MoE ECHO: Unlocking Sync-Free, Full CUDA-Graph Support for Dropless MoE via Elastic Cloning by Victarry · Pull Request #2368 · NVIDIA/Megatron-LM

Victarry · 2025-11-24T07:10:28Z

MoE ECHO: Elastic Cloning for Hot Experts 🚀

Contributors(Equal Contribution, sorted alphabetically): Ahan Huang, Dennis Liu(@Victarry), Nan Zheng(@nanz-nv), Patrick Haft, Qi Zhang(@QiZhangNV), Robin Zhang(@buptzyb), Tong Liu(@Autumn1998), Zijie Yan(@yanring)

Overview 🔍

MoE Echo is a research prototype of a new MoE training paradigm that targets large-scale distributed training. It focuses on achieving load balance and sync-free with Fully CUDA-graph-capturable on dropless MoE training.

Concretely, MoE Echo aims to:

⚖️ Reduce expert load imbalance across Expert Parallel (EP) ranks.
⏱️ Remove host-side synchronization with dynamic routing in dropless MoE.
📊 Enable CUDA-graph-capturable MoE with minimal compute and memory fragmentation.

Sync-Free MoE ⚡

In token-dropless MoE, the number of tokens sent to each EP rank can vary significantly from step to step. The routing decisions (and thus the per-rank shapes) are produced on the GPU, but the host traditionally needs this shape information to:

launch dispatch/combine and grouped GEMM kernels, and
allocate sufficient memory for these kernels.

Naively, this requires device-to-host copies and host-side synchronization on every step, which both slows down training and makes CUDA graph capture difficult.

To build a sync-free, CUDA-graph-friendly MoE, we:

Pre-allocate GPU buffers and decide kernel launches without waiting for host-visible shapes.
Avoid excessive over-provisioning of buffers, which would otherwise cause:
- Compute fragmentation (wasted compute/communication on padded tokens).
- Memory fragmentation (oversized static buffers).

MoE Echo tackles this by:

Reducing compute fragmentation: GPU kernels consume routing/shape information that stays on device and operate only on the true token volume. For example, HybridEP reads shapes directly from the routing map on GPU.
Reducing memory fragmentation: We reduce load imbalance across EP ranks and manage memory more efficiently inside CUDA graphs so the pre-allocated buffers are better utilized.

Elastic Cloning for Hot Experts (ECHO)

To further reduce expert load imbalance, MoE Echo introduces elastic cloning for hot experts (ECHO).
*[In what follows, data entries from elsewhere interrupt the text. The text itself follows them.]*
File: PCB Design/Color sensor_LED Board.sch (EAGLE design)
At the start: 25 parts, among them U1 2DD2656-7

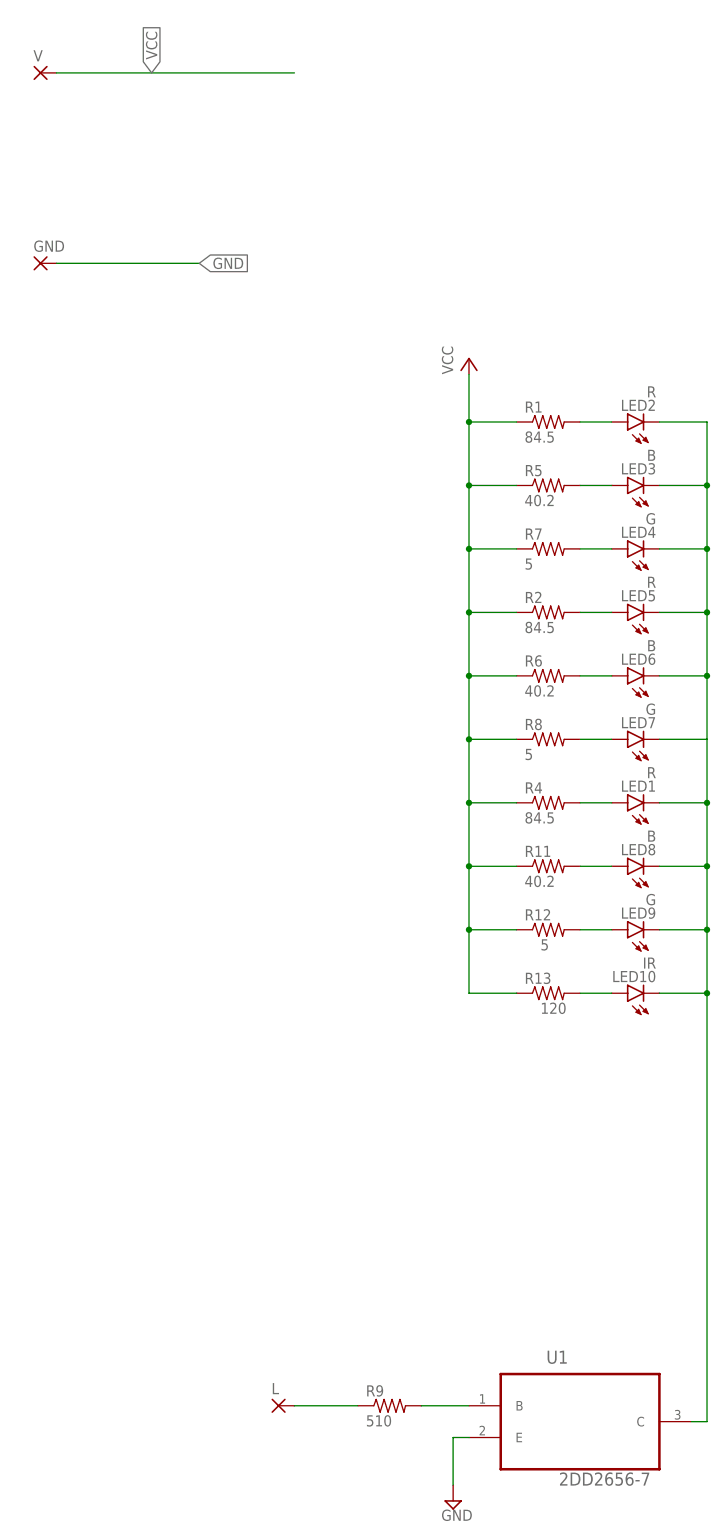
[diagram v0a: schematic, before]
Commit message: corrected unconnected traces and IR LED problem
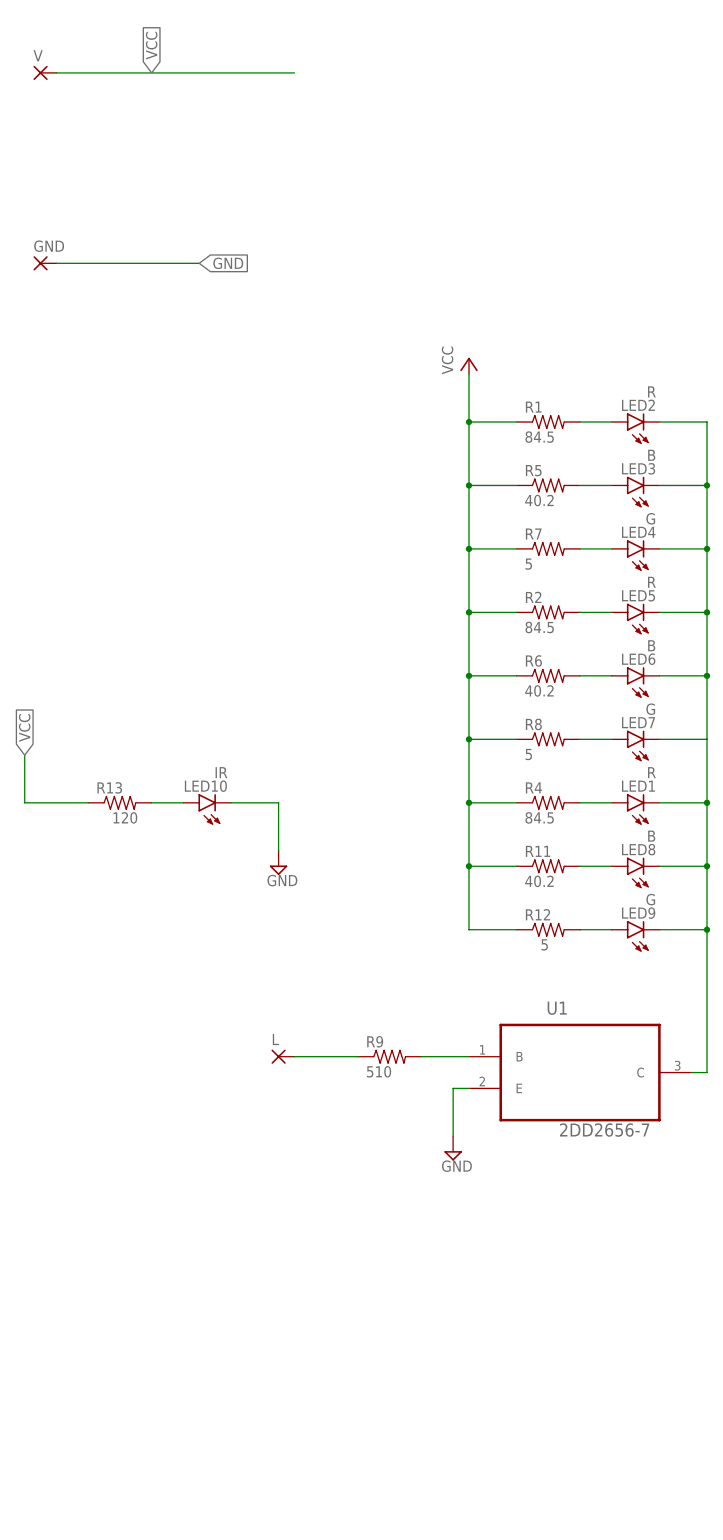
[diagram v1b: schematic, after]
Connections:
- net GND: now also LED10.C
- net N$15: no longer LED10.C
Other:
- moved on the sheet: L, LED10, R13, R9, U1
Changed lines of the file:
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@@
 <part name="LED10" library="led" library_urn="urn:adsk.eagle:library:259" deviceset="LED" device="CHIPLED_0805" package3d_urn="urn:adsk.eagle:package:15821/2" value="IR"/>
 <part name="U1" library="2DD2656-7 (1)" deviceset="2DD2656-7" device=""/>
+<part name="SUPPLY1" library="supply2" library_urn="urn:adsk.eagle:library:372" deviceset="GND" device=""/>
 </parts>
 <sheets>
@@
 <attribute name="VALUE" x="96.012" y="-47.625" size="1.778" layer="96" rot="R180"/>
 </instance>
-<instance part="SUPPLY4" gate="GND" x="63.5" y="-175.26" smashed="yes">
-<attribute name="VALUE" x="61.595" y="-178.435" size="1.778" layer="96"/>
+<instance part="SUPPLY4" gate="GND" x="63.5" y="-119.38" smashed="yes">
+<attribute name="VALUE" x="61.595" y="-122.555" size="1.778" layer="96"/>
 </instance>
 <instance part="V" gate="1" x="-2.54" y="53.34" smashed="yes">
@@
 <attribute name="VALUE" x="63.5" y="5.08" size="1.778" layer="96" rot="R90"/>
 </instance>
-<instance part="L" gate="1" x="35.56" y="-160.02" smashed="yes">
-<attribute name="NAME" x="34.417" y="-158.1658" size="1.778" layer="95"/>
-<attribute name="VALUE" x="34.417" y="-163.322" size="1.778" layer="96"/>
+<instance part="L" gate="1" x="35.56" y="-104.14" smashed="yes">
+<attribute name="NAME" x="34.417" y="-102.2858" size="1.778" layer="95"/>
+<attribute name="VALUE" x="34.417" y="-107.442" size="1.778" layer="96"/>
 </instance>
 <instance part="R1" gate="G$1" x="78.74" y="-2.54" smashed="yes">
@@
 <attribute name="VALUE" x="74.93" y="-56.642" size="1.778" layer="96"/>
 </instance>
-<instance part="R9" gate="G$1" x="53.34" y="-160.02" smashed="yes">
-<attribute name="NAME" x="49.53" y="-158.5214" size="1.778" layer="95"/>
-<attribute name="VALUE" x="49.53" y="-163.322" size="1.778" layer="96"/>
+<instance part="R9" gate="G$1" x="53.34" y="-104.14" smashed="yes">
+<attribute name="NAME" x="49.53" y="-102.6414" size="1.778" layer="95"/>
+<attribute name="VALUE" x="49.53" y="-107.442" size="1.778" layer="96"/>
 </instance>
 <instance part="LED1" gate="G$1" x="91.44" y="-63.5" smashed="yes" rot="R90">
@@
 <attribute name="VALUE" x="77.47" y="-87.122" size="1.778" layer="96"/>
 </instance>
-<instance part="R13" gate="G$1" x="78.74" y="-93.98" smashed="yes">
-<attribute name="NAME" x="74.93" y="-92.4814" size="1.778" layer="95"/>
-<attribute name="VALUE" x="77.47" y="-97.282" size="1.778" layer="96"/>
-</instance>
-<instance part="LED10" gate="G$1" x="91.44" y="-93.98" smashed="yes" rot="R90">
-<attribute name="NAME" x="96.012" y="-90.424" size="1.778" layer="95" rot="R180"/>
-<attribute name="VALUE" x="96.012" y="-88.265" size="1.778" layer="96" rot="R180"/>
-</instance>
-<instance part="U1" gate="A" x="83.82" y="-160.02" smashed="yes">
-<attribute name="NAME" x="78.4066" y="-153.28501875" size="2.08403125" layer="95" ratio="10" rot="SR0"/>
-<attribute name="VALUE" x="80.41568125" y="-172.7989" size="2.083240625" layer="96" ratio="10" rot="SR0"/>
+<instance part="R13" gate="G$1" x="10.16" y="-63.5" smashed="yes">
+<attribute name="NAME" x="6.35" y="-62.0014" size="1.778" layer="95"/>
+<attribute name="VALUE" x="8.89" y="-66.802" size="1.778" layer="96"/>
+</instance>
+<instance part="LED10" gate="G$1" x="22.86" y="-63.5" smashed="yes" rot="R90">
+<attribute name="NAME" x="27.432" y="-59.944" size="1.778" layer="95" rot="R180"/>
+<attribute name="VALUE" x="27.432" y="-57.785" size="1.778" layer="96" rot="R180"/>
+</instance>
+<instance part="U1" gate="A" x="83.82" y="-104.14" smashed="yes">
+<attribute name="NAME" x="78.4066" y="-97.40501875" size="2.08403125" layer="95" ratio="10" rot="SR0"/>
+<attribute name="VALUE" x="80.41568125" y="-116.9189" size="2.083240625" layer="96" ratio="10" rot="SR0"/>
+</instance>
+<instance part="SUPPLY1" gate="GND" x="35.56" y="-73.66" smashed="yes">
+<attribute name="VALUE" x="33.655" y="-76.835" size="1.778" layer="96"/>
 </instance>
 </instances>
@@
 <segment>
 <pinref part="SUPPLY4" gate="GND" pin="GND"/>
-<wire x1="63.5" y1="-172.72" x2="63.5" y2="-165.1" width="0.1524" layer="91"/>
+<wire x1="63.5" y1="-116.84" x2="63.5" y2="-109.22" width="0.1524" layer="91"/>
 <pinref part="U1" gate="A" pin="E"/>
-<wire x1="63.5" y1="-165.1" x2="66.04" y2="-165.1" width="0.1524" layer="91"/>
+<wire x1="63.5" y1="-109.22" x2="66.04" y2="-109.22" width="0.1524" layer="91"/>
 </segment>
 <segment>
@@
 <wire x1="22.86" y1="22.86" x2="0" y2="22.86" width="0.1524" layer="91"/>
 <label x="22.86" y="22.86" size="1.778" layer="95" xref="yes"/>
+</segment>
+<segment>
+<pinref part="LED10" gate="G$1" pin="C"/>
+<wire x1="27.94" y1="-63.5" x2="35.56" y2="-63.5" width="0.1524" layer="91"/>
+<wire x1="35.56" y1="-63.5" x2="35.56" y2="-71.12" width="0.1524" layer="91"/>
+<pinref part="SUPPLY1" gate="GND" pin="GND"/>
 </segment>
 </net>
@@
 <pinref part="R11" gate="G$1" pin="1"/>
 <pinref part="R12" gate="G$1" pin="1"/>
-<pinref part="R13" gate="G$1" pin="1"/>
-<wire x1="73.66" y1="-93.98" x2="66.04" y2="-93.98" width="0.1524" layer="91"/>
-<wire x1="66.04" y1="-93.98" x2="66.04" y2="-83.82" width="0.1524" layer="91"/>
-<junction x="66.04" y="-83.82"/>
 <pinref part="R8" gate="G$1" pin="1"/>
 <wire x1="73.66" y1="-53.34" x2="66.04" y2="-53.34" width="0.1524" layer="91"/>
 <junction x="66.04" y="-53.34"/>
 </segment>
+<segment>
+<pinref part="R13" gate="G$1" pin="1"/>
+<wire x1="5.08" y1="-63.5" x2="-5.08" y2="-63.5" width="0.1524" layer="91"/>
+<wire x1="-5.08" y1="-63.5" x2="-5.08" y2="-55.88" width="0.1524" layer="91"/>
+<label x="-5.08" y="-55.88" size="1.778" layer="95" rot="R90" xref="yes"/>
+</segment>
 </net>
 <net name="N$6" class="0">
@@
 <net name="N$2" class="0">
 <segment>
-<wire x1="66.04" y1="-160.02" x2="58.42" y2="-160.02" width="0.1524" layer="91"/>
+<wire x1="66.04" y1="-104.14" x2="58.42" y2="-104.14" width="0.1524" layer="91"/>
 <pinref part="R9" gate="G$1" pin="2"/>
 <pinref part="U1" gate="A" pin="B"/>
@@
 <net name="N$4" class="0">
 <segment>
-<wire x1="48.26" y1="-160.02" x2="38.1" y2="-160.02" width="0.1524" layer="91"/>
+<wire x1="48.26" y1="-104.14" x2="38.1" y2="-104.14" width="0.1524" layer="91"/>
 <pinref part="L" gate="1" pin="P"/>
 <pinref part="R9" gate="G$1" pin="1"/>
@@
 <pinref part="R13" gate="G$1" pin="2"/>
 <pinref part="LED10" gate="G$1" pin="A"/>
-<wire x1="83.82" y1="-93.98" x2="88.9" y2="-93.98" width="0.1524" layer="91"/>
+<wire x1="15.24" y1="-63.5" x2="20.32" y2="-63.5" width="0.1524" layer="91"/>
 </segment>
 </net>
@@
 <segment>
 <pinref part="U1" gate="A" pin="C"/>
-<wire x1="101.6" y1="-162.56" x2="104.14" y2="-162.56" width="0.1524" layer="91"/>
+<wire x1="101.6" y1="-106.68" x2="104.14" y2="-106.68" width="0.1524" layer="91"/>
 <wire x1="104.14" y1="-2.54" x2="104.14" y2="-12.7" width="0.1524" layer="91"/>
 <pinref part="LED2" gate="G$1" pin="C"/>
@@
 <pinref part="LED9" gate="G$1" pin="C"/>
 <wire x1="96.52" y1="-83.82" x2="104.14" y2="-83.82" width="0.1524" layer="91"/>
-<pinref part="LED10" gate="G$1" pin="C"/>
-<wire x1="96.52" y1="-93.98" x2="104.14" y2="-93.98" width="0.1524" layer="91"/>
-<wire x1="104.14" y1="-93.98" x2="104.14" y2="-83.82" width="0.1524" layer="91"/>
 <junction x="104.14" y="-83.82"/>
-<wire x1="104.14" y1="-162.56" x2="104.14" y2="-93.98" width="0.1524" layer="91"/>
-<junction x="104.14" y="-93.98"/>
-</segment>
-</net>
+<wire x1="104.14" y1="-106.68" x2="104.14" y2="-83.82" width="0.1524" layer="91"/>
+</segment>
+</net>

The key idea is to dynamically clone high-traffic (“hot”) experts onto EP ranks that receive fewer-than-average tokens.

Cloning experts during training is challenging because expert weights and gradients must remain coherent across all clones at every step. This means:

Synchronizing cloned expert parameters and gradients.
Carefully limiting the number of cloned experts to balance extra communication cost against the load-balance benefit.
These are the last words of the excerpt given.